Records from a data collection:

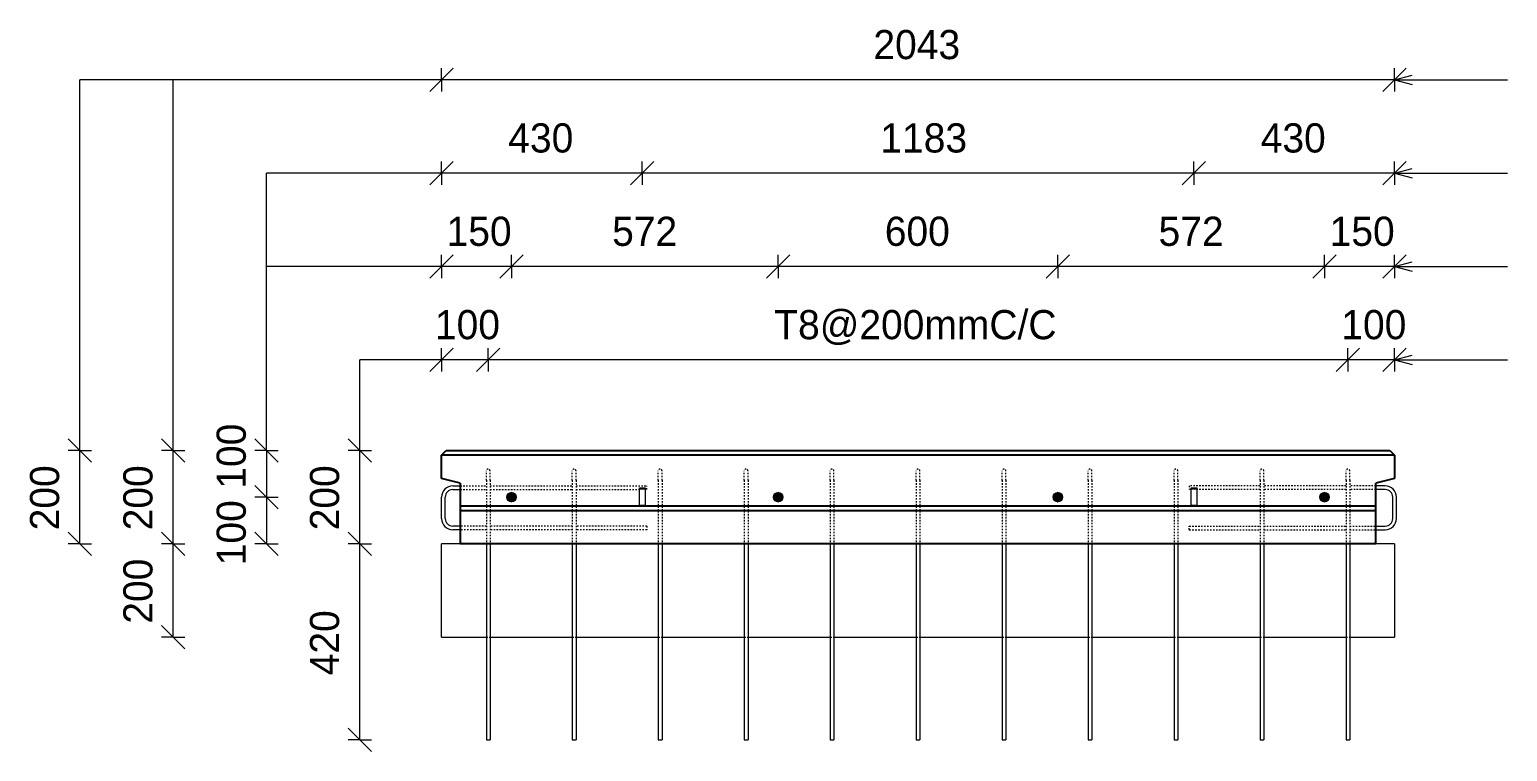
# Model space of a CAD drawing. Header units: millimetres. Extents: x -14573 to -64, y -12208 to 18539.
# Drawn here: x -10582 to -7414, y 12469 to 14015 of the extents above; entities that cross this region are included whole.
import ezdxf

# ---------------------------------------------------------------- set-up
doc = ezdxf.new("R2010")
doc.units = ezdxf.units.MM
doc.linetypes.add('Dash', pattern=[6.36, 3.18, -3.18])
for name, color, linetype, lineweight in [('A-ANNO-DIMS', 211, 'Continuous', 9), ('A-ANNO-DIMS-25', 211, 'Continuous', 9), ('A-DETL-MBND', 5, 'Continuous', 18), ('A-GENM', 13, 'Continuous', 18), ('A-WALL', 113, 'Continuous', 25), ('A-WALL-HDLN', 110, 'Dash', 25), ('G-ANNO-TEXT', 231, 'Continuous', 9), ('S-BEAM', 12, 'Continuous', 18), ('S-BEAM-HDLN', 1, 'Dash', 18), ('S-RBAR', 171, 'Continuous', 18)]:
    doc.layers.add(name, color=color, linetype=linetype, lineweight=lineweight)
doc.styles.add('Nirmala UI Semilight', font='NirmalaS.ttf', dxfattribs={"height": 62.5})
doc.dimstyles.new('Arrow_Filled_-_2_5_NI_UI', dxfattribs={"dimscale": 304.8, "dimtxt": 65.460247, "dimasz": 0.164042, "dimexe": 0.082021, "dimexo": 0.0625, "dimgap": 0.082021, "dimtad": 1, "dimdec": 4, "dimzin": 0, "dimdsep": 46, "dimtxsty": 'Nirmala UI Semilight', "dimblk1": 'OBLIQUE', "dimblk2": 'OBLIQUE', "dimsah": 1, "dimcen": 0.09, "dimazin": 0, "dimtfac": 1, "dimtdec": 4, "dimtix": 1, "dimtmove": 0, "dimatfit": 3, "dimfxl": 0.082021, "dimfxlon": 1, "dimtvp": 1, "dimtolj": 1, "dimtzin": 0, "dimarcsym": 2})
doc.dimstyles.new('Arrow_Filled_-_2_5_NI_UI_1', dxfattribs={"dimscale": 304.8, "dimtxt": 65.460247, "dimasz": 0.164042, "dimexe": 0.082021, "dimexo": 0.0625, "dimgap": 0.082021, "dimtad": 1, "dimdec": 4, "dimzin": 0, "dimdsep": 46, "dimtxsty": 'Nirmala UI Semilight', "dimblk1": 'OBLIQUE', "dimblk2": 'OBLIQUE', "dimsah": 1, "dimcen": 0.09, "dimazin": 0, "dimtfac": 1, "dimtdec": 4, "dimtix": 1, "dimtmove": 2, "dimatfit": 3, "dimfxl": 0.082021, "dimfxlon": 1, "dimtvp": 1, "dimtolj": 1, "dimtzin": 0, "dimarcsym": 2})

# ---------------------------------------------------------------- blocks, each defined once
blk = doc.blocks.new('RR spread anchor face based - RR-SA-4_0-180-1726831-Elevation Top Copy 1')
at = {"layer": 'A-GENM'}
for p, q in [((-13586.4, 13031.3), (-13586.4, 13033.8)), ((-13586.4, 13033.8), (-13574.4, 13033.8)), ((-13586.4, 12996.3), (-13586.4, 13031.3)), ((-13586.4, 13031.3), (-13574.4, 13031.3)), ((-13574.4, 13033.8), (-13574.4, 13031.3)), ((-13574.4, 13031.3), (-13574.4, 12996.3)), ((-13586.4, 12993.8), (-13586.4, 12996.3)), ((-13586.4, 12996.3), (-13574.4, 12996.3)), ((-13574.4, 12993.8), (-13586.4, 12993.8)), ((-13574.4, 12996.3), (-13574.4, 12993.8))]:
    blk.add_line(p, q, dxfattribs=at)
blk = doc.blocks.new('M_Rectangular Corbel - M_Rectangular Corbel-1562977-Elevation Top Copy 1')
at = {"layer": 'S-BEAM'}
for p, q in [((-14010.4, 12713.8), (-14010.4, 12913.8)), ((-13970.4, 12913.8), (-14010.4, 12913.8)), ((-11967.9, 12913.8), (-12007.9, 12913.8)), ((-11967.9, 12913.8), (-11967.9, 12713.8)), ((-14010.4, 12713.8), (-13914.4, 12713.8)), ((-13906.4, 12713.8), (-13730.2, 12713.8)), ((-13722.2, 12713.8), (-13545.9, 12713.8)), ((-13537.9, 12713.8), (-13361.7, 12713.8)), ((-13353.7, 12713.8), (-13177.4, 12713.8)), ((-13169.4, 12713.8), (-12993.2, 12713.8)), ((-12985.2, 12713.8), (-12808.9, 12713.8)), ((-12800.9, 12713.8), (-12624.7, 12713.8)), ((-12616.7, 12713.8), (-12440.4, 12713.8)), ((-12432.4, 12713.8), (-12256.2, 12713.8)), ((-12248.2, 12713.8), (-12071.9, 12713.8)), ((-12063.9, 12713.8), (-11967.9, 12713.8))]:
    blk.add_line(p, q, dxfattribs=at)
at = {"layer": 'S-BEAM-HDLN'}
for p, q in [((-13914.4, 12713.8), (-13906.5, 12713.8)), ((-13730.1, 12713.8), (-13722.2, 12713.8)), ((-13545.9, 12713.8), (-13538, 12713.8)), ((-13361.6, 12713.8), (-13353.7, 12713.8)), ((-13177.4, 12713.8), (-13169.5, 12713.8)), ((-12993.1, 12713.8), (-12985.2, 12713.8)), ((-12808.9, 12713.8), (-12801, 12713.8)), ((-12624.6, 12713.8), (-12616.7, 12713.8)), ((-12440.4, 12713.8), (-12432.5, 12713.8)), ((-12256.1, 12713.8), (-12248.2, 12713.8)), ((-12071.9, 12713.8), (-12064, 12713.8))]:
    blk.add_line(p, q, dxfattribs=at)
blk = doc.blocks.new('DIMBLOCK13-Elevation Top Copy 1')
at = {"layer": 'A-ANNO-DIMS-25'}
for p, q in [((-10474, 13113.8), (-10499, 13138.8)), ((-10474, 13113.8), (-10499, 13113.8)), ((-10474, 12913.8), (-10474, 13113.8)), ((-10474, 13113.8), (-10449, 13088.8)), ((-10474, 13113.8), (-10449, 13113.8)), ((-10474, 12913.8), (-10499, 12938.8)), ((-10474, 12913.8), (-10499, 12913.8)), ((-10474, 12913.8), (-10449, 12888.8)), ((-10474, 12913.8), (-10449, 12913.8))]:
    blk.add_line(p, q, dxfattribs=at)
at = {"layer": 'A-ANNO-DIMS-25', "color": 0, "insert": (-10580.6, 12942.4), "char_height": 62.5, "width": 171.387, "attachment_point": 1, "rotation": 90, "line_spacing_factor": 1.142579, "style": 'Nirmala UI Semilight'}
blk.add_mtext('200', dxfattribs=at)
blk = doc.blocks.new('_Oblique')
at = {"color": 0, "linetype": 'ByBlock', "lineweight": -2}
blk.add_line((-0.5, -0.5), (0.5, 0.5), dxfattribs=at)
blk = doc.blocks.new('DIMBLOCK14-Elevation Top Copy 1')
at = {"layer": 'A-ANNO-DIMS-25'}
for p, q in [((-9874, 12913.8), (-9899, 12938.8)), ((-9874, 12913.8), (-9899, 12913.8)), ((-9874, 12493.8), (-9874, 12913.8)), ((-9874, 12913.8), (-9849, 12888.8)), ((-9874, 12913.8), (-9849, 12913.8)), ((-9874, 12493.8), (-9899, 12518.8)), ((-9874, 12493.8), (-9899, 12493.8)), ((-9874, 12493.8), (-9849, 12468.8)), ((-9874, 12493.8), (-9849, 12493.8))]:
    blk.add_line(p, q, dxfattribs=at)
at = {"layer": 'A-ANNO-DIMS-25', "color": 0, "insert": (-9980.6, 12631.8), "char_height": 62.5, "width": 172.815, "attachment_point": 1, "rotation": 90, "line_spacing_factor": 1.142579, "style": 'Nirmala UI Semilight'}
blk.add_mtext('420', dxfattribs=at)
blk = doc.blocks.new('DIMBLOCK15-Elevation Top Copy 1')
at = {"layer": 'A-ANNO-DIMS-25'}
for p, q in [((-9874, 13113.8), (-9899, 13138.8)), ((-9874, 13113.8), (-9899, 13113.8)), ((-9874, 12913.8), (-9874, 13113.8)), ((-9874, 13113.8), (-9849, 13088.8)), ((-9874, 13113.8), (-9849, 13113.8)), ((-9874, 12913.8), (-9899, 12938.8)), ((-9874, 12913.8), (-9899, 12913.8)), ((-9874, 12913.8), (-9849, 12888.8)), ((-9874, 12913.8), (-9849, 12913.8))]:
    blk.add_line(p, q, dxfattribs=at)
at = {"layer": 'A-ANNO-DIMS-25', "color": 0, "insert": (-9980.6, 12942.4), "char_height": 62.5, "width": 171.387, "attachment_point": 1, "rotation": 90, "line_spacing_factor": 1.142579, "style": 'Nirmala UI Semilight'}
blk.add_mtext('200', dxfattribs=at)
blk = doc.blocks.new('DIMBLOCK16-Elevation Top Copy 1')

What to work on → Your job is to return all lines above that hold the word "BEAM".

Written response →
for name, color, linetype, lineweight in [('A-ANNO-DIMS', 211, 'Continuous', 9), ('A-ANNO-DIMS-25', 211, 'Continuous', 9), ('A-DETL-MBND', 5, 'Continuous', 18), ('A-GENM', 13, 'Continuous', 18), ('A-WALL', 113, 'Continuous', 25), ('A-WALL-HDLN', 110, 'Dash', 25), ('G-ANNO-TEXT', 231, 'Continuous', 9), ('S-BEAM', 12, 'Continuous', 18), ('S-BEAM-HDLN', 1, 'Dash', 18), ('S-RBAR', 171, 'Continuous', 18)]:
at = {"layer": 'S-BEAM'}
at = {"layer": 'S-BEAM-HDLN'}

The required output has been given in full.